Passwords - Part 2 of 2 - Leaked passwords
Monday, June 14. 2021
This is the sencond part in my passwords-series. It is about leaked passwords. See the previous one about passwords in general.
Your precious passwords get lost, stolen and misplaced all the time. Troy Hunt runs a website Have I been Pwned (pwn is computer slang meaning to conquer to gain ownership, see PWN for details). His service typically tracks down your email addresses and phone numbers, they leak even more often than your passwords, but he also has a dedicated section for passwords Pwned Passwords. At the time of writing, his database has over 600 billion (that's 600 thousand million) known passwords. So, by any statistical guess, he has your password. If you're unlucky, he has all of them in his system. The good thing about Mr. Hunt is, he's one of the good guys. He wants to educate and inform people about their information being leaked to wrong hands.
8.4 billion leaked passwords in a single .txt-file
Even I have bunch of leaked and published sets of passwords. Couple days ago alias kys234 published a compilation of 8.4 billion passwords and made that database publicly available.
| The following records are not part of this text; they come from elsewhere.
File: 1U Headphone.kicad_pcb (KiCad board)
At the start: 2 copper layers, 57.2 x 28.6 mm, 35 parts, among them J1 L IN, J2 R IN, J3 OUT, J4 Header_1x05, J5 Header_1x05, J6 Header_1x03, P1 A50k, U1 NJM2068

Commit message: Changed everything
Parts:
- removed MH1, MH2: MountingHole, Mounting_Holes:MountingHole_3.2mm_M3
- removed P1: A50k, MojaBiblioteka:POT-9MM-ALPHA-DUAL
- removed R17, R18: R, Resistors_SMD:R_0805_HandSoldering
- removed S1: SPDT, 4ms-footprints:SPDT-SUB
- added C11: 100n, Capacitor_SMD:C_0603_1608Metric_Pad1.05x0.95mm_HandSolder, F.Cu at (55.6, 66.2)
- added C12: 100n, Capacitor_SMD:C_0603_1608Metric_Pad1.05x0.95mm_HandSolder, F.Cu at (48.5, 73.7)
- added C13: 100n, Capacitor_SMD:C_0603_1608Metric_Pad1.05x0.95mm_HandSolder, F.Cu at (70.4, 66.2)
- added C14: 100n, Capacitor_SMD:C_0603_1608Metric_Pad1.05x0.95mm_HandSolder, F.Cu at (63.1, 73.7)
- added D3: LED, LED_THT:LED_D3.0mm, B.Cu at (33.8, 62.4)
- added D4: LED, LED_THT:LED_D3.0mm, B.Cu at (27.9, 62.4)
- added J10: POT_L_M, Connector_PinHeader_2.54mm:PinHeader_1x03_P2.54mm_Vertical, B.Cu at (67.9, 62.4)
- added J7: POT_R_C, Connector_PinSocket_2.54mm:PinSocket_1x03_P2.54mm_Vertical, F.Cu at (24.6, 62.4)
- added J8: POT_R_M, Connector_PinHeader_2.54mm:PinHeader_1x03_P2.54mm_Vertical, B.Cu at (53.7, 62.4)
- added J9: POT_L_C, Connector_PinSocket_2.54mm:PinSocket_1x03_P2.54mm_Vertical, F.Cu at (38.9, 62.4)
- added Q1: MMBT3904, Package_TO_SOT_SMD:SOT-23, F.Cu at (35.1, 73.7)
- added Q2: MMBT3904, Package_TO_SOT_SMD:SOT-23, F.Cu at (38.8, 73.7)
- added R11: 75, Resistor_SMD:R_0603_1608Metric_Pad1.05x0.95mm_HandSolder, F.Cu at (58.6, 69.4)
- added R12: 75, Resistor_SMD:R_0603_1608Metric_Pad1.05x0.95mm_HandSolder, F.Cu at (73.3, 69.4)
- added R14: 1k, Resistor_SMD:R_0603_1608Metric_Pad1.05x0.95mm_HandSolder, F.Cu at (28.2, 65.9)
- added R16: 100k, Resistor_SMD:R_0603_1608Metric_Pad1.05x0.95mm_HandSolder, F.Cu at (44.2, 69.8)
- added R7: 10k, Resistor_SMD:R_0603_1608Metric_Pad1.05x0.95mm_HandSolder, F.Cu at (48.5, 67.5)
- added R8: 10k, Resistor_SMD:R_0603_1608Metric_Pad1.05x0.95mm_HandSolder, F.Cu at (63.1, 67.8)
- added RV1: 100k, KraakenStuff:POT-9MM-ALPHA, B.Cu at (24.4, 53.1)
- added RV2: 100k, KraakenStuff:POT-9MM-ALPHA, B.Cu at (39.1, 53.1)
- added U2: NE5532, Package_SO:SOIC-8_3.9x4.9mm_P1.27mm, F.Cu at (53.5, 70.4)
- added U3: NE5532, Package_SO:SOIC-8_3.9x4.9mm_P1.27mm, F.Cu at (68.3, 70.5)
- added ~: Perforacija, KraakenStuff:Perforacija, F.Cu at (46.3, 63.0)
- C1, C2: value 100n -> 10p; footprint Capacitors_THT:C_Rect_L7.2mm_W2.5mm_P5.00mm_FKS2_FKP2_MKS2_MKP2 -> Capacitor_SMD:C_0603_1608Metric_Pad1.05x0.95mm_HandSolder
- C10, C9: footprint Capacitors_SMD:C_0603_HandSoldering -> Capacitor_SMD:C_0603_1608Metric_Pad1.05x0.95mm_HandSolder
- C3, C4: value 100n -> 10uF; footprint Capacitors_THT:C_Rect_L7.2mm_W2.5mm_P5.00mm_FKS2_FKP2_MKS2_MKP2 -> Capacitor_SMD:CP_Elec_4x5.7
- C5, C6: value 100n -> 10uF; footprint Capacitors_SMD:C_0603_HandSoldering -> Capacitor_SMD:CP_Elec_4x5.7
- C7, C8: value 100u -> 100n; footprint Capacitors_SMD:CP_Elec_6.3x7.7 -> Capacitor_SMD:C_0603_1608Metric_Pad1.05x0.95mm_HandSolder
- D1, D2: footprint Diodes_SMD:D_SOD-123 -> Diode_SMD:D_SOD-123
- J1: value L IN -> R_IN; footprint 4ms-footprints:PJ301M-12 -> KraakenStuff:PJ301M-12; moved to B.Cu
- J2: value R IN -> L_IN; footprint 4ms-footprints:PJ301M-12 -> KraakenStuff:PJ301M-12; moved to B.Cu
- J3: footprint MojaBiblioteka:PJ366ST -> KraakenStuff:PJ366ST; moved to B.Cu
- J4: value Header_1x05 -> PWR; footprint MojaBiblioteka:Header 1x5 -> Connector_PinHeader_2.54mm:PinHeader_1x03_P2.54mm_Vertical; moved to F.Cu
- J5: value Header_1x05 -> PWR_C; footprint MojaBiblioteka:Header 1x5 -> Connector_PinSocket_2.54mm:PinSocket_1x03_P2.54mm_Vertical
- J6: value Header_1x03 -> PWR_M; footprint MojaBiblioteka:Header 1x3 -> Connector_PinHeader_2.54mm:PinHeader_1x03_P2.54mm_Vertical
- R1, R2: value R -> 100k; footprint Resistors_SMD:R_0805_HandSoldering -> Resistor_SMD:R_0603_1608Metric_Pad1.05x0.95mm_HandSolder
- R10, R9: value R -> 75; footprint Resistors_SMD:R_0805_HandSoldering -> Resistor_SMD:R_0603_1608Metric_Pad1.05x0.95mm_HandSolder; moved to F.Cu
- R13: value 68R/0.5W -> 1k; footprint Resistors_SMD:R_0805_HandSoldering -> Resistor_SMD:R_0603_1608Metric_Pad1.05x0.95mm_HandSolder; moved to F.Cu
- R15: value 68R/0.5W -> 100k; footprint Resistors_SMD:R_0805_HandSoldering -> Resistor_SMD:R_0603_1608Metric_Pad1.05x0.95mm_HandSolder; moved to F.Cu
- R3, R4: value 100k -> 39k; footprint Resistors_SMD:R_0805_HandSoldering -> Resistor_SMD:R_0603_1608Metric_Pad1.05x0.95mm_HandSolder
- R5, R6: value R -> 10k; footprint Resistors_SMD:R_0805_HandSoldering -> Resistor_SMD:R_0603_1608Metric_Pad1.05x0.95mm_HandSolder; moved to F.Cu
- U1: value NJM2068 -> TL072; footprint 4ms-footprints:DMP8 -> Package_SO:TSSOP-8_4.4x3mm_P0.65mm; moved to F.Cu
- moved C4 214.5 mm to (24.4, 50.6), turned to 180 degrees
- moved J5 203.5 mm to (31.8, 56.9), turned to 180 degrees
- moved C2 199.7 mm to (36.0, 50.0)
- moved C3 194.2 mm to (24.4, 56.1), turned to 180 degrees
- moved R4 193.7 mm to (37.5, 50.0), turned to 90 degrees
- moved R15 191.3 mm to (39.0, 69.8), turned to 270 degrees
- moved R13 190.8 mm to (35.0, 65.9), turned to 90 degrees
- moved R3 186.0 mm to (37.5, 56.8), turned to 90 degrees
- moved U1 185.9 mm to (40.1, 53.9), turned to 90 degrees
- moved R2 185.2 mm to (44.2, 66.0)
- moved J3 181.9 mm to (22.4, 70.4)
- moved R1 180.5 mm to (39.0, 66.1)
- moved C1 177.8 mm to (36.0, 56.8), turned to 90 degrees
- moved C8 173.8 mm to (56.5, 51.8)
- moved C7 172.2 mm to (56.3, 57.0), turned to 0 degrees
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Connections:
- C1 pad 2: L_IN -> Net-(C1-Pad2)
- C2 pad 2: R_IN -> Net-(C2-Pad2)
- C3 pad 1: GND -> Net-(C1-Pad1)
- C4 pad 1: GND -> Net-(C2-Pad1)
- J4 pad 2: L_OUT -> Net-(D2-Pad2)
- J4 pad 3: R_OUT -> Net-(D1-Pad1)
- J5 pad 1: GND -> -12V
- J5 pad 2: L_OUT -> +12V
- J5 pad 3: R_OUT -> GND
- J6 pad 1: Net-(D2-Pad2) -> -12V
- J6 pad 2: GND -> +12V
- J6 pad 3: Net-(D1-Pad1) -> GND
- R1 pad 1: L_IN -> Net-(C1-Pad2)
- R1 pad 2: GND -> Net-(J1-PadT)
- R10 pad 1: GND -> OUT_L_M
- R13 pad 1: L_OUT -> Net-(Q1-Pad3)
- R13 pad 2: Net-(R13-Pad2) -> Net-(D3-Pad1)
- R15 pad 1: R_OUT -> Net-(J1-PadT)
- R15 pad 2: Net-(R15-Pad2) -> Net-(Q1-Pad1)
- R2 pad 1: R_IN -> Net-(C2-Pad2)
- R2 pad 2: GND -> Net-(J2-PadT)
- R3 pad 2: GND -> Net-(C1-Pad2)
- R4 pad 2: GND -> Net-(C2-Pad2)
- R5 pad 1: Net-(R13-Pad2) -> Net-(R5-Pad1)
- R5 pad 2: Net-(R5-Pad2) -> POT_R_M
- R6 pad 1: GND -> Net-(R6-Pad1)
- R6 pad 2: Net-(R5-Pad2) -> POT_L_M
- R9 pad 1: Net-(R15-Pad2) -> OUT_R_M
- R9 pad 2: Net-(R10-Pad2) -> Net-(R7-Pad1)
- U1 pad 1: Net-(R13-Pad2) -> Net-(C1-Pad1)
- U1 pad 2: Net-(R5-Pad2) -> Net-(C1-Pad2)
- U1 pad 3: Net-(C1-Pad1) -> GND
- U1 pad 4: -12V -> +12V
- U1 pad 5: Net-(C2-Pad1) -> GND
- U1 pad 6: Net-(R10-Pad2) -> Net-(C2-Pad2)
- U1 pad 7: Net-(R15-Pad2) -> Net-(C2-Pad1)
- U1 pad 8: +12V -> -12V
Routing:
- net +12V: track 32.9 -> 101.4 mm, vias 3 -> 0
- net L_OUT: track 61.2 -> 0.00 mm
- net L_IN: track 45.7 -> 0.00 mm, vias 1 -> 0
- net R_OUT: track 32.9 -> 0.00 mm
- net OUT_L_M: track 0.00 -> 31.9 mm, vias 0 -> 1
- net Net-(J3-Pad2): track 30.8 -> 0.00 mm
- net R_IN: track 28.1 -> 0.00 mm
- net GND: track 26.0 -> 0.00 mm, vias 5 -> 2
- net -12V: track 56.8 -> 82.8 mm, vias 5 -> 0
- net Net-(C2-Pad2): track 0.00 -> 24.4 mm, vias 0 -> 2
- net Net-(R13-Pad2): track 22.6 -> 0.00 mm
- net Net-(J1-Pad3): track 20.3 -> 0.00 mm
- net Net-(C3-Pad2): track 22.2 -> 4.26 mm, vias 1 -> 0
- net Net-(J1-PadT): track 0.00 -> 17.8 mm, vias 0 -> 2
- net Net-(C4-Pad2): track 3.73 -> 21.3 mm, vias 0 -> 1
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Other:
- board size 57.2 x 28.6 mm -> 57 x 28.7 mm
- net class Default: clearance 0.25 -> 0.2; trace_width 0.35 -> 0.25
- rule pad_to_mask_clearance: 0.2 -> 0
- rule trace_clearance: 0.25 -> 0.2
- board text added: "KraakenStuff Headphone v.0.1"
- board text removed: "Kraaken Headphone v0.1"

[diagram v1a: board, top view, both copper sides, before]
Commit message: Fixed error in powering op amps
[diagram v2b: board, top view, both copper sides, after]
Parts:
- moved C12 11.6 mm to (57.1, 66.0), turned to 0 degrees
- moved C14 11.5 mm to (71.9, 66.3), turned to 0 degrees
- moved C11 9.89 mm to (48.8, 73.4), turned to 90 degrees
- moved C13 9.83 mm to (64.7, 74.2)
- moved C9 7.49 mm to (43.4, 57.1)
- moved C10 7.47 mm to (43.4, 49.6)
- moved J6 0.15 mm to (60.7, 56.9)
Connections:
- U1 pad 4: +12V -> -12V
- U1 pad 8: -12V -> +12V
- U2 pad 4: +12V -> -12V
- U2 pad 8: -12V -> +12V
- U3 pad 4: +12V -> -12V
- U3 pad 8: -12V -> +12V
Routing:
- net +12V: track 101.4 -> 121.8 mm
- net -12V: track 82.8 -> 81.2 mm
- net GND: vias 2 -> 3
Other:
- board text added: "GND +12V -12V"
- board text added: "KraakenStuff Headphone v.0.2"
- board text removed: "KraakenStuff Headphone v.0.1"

More details are at RockYou2021: largest password compilation of all time leaked online with 8.4 billion entries and rockyou2021.txt - A Short Summary. Mr. Parrtridge even has the download links to this enormous file. Go download it, but prepare 100 GiB of free space first. Uncompressed the file is huge.
How long are the leaked passwords?
From those two articles, we learn that there are plenty of passwords to analyse. As I wrote in my previous post, my passwords are long. Super-long, as in 60-80 characters. So, I don't think any of my passwords are in the file. Still, I was interested in what would be the typical password lenght.
Running a single-liner (broken to multiple lines for readability):
perl -ne 'chomp; ++$cnt; $pwlen=length($_);
if ($lens{$pwlen}) {++$lens{$pwlen};} else {$lens{$pwlen}=1;}
END {printf("Count: %d", $cnt); keys(%lens);
while(my($k, $v) = each(%lens)) {printf("Len %d: %d\n", $k, $v);}}'
rockyou2021.txt
Will result in following:
Count: 8459060239
Len 6: 484236159
Len 7: 402518961
Len 8: 1107084124
Len 9: 1315444128
Len 10: 1314988168
Len 11: 1071452326
Len 12: 835365123
Len 13: 613654280
Len 14: 436652069
Len 15: 317146874
Len 16: 215720888
Len 17: 131328063
Len 18: 97950285
Len 19: 65235844
Len 20: 50282947
Visualization of the above table:
It would be safe to say, typical password is 9 or 10 characters short. Something a human being can remember and type easily into a login prompt.
Based on leaked material, how long a password should be?
The next obvious question is: Well then, if not 10 characters, how long the password should be?
Instant answer is: 21 characters. The file doesn't contain any of those.
Doing little bit of statistical analysis: If you're at 13 characters or more, your password is in the top-25%. At 15 or more, youre in top-7%. So, the obvious thing is to aim for 15 characters, no less than 13.
Given the lack of super-long passwords, I went a bit further with Rstudio. I went for the assumption, the password lenghts would form a gaussian bell curve. I managed to model the data points into a semi-accurate model which unfortunately for me is more inaccurate at the 18, 19, 20 characters than with the shorter ones.
If you want to improve my model, there is the human-readable HTML-version of R notebook. Also the R MD-formatted source is available.
Red line is the actual measured data points. Blue bars are what my model outputs.
Result is obvious: longer is better! If you're at 30 characters or more, your passwords can be considered unique. Typical systems crypt or hash the passwords in storage, making it is not feasible to brute-force a 30 char password. Also the reason why leaked RockYou2021 list doesn't contain any password of 21 or more characters: THEY ARE SO RARE!
Looks like me going for 60+ chars in my passwords is a bit over-kill. But hey! I'm simply future-proofing my passwords. If/when they leak, they should be out of brute-force attack, unless a super-weak crypto is used.
Wrap up
The key takeaways are:
- Password, a memorized secret is archaic and should be obsoleted, but this cannot be achieved anytime soon.
- Use password vault software that will suit your needs and you feel comfortable using.
- Never ever try to remember your passwords!
- Make sure to long passwords! Any password longer than 20 characters can be considered a long one.